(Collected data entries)
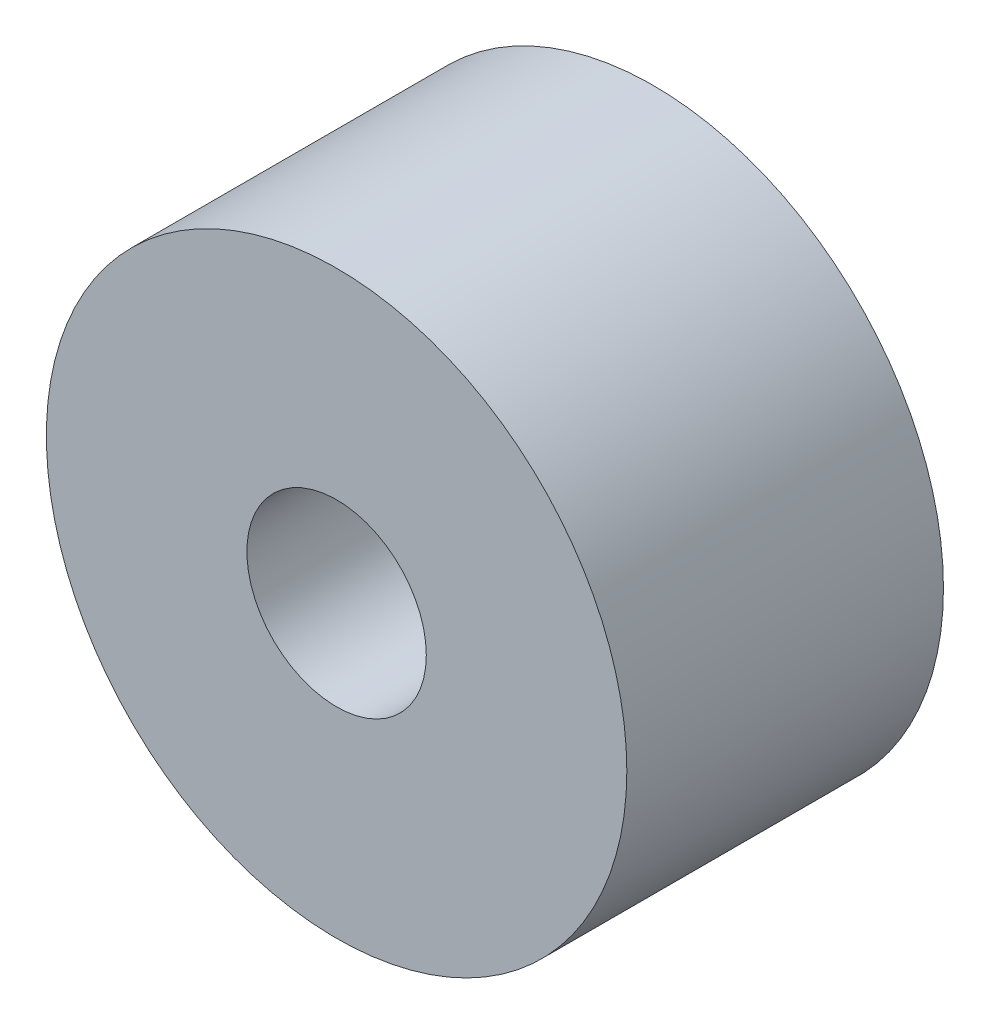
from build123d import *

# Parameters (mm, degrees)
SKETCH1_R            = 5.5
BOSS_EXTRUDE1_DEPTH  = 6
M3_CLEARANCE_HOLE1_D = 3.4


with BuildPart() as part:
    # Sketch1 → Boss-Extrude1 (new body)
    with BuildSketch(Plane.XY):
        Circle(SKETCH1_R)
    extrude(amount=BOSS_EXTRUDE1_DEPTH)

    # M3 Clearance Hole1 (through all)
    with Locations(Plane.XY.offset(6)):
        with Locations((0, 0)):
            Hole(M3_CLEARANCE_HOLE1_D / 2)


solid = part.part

- Instructions to follow
Type the entries above out again exactly, with no pictures.

- Final answer
from build123d import *

# Parameters (mm, degrees)
SKETCH1_R            = 5.5
BOSS_EXTRUDE1_DEPTH  = 6
M3_CLEARANCE_HOLE1_D = 3.4


with BuildPart() as part:
    # Sketch1 → Boss-Extrude1 (new body)
    with BuildSketch(Plane.XY):
        Circle(SKETCH1_R)
    extrude(amount=BOSS_EXTRUDE1_DEPTH)

    # M3 Clearance Hole1 (through all)
    with Locations(Plane.XY.offset(6)):
        with Locations((0, 0)):
            Hole(M3_CLEARANCE_HOLE1_D / 2)


solid = part.part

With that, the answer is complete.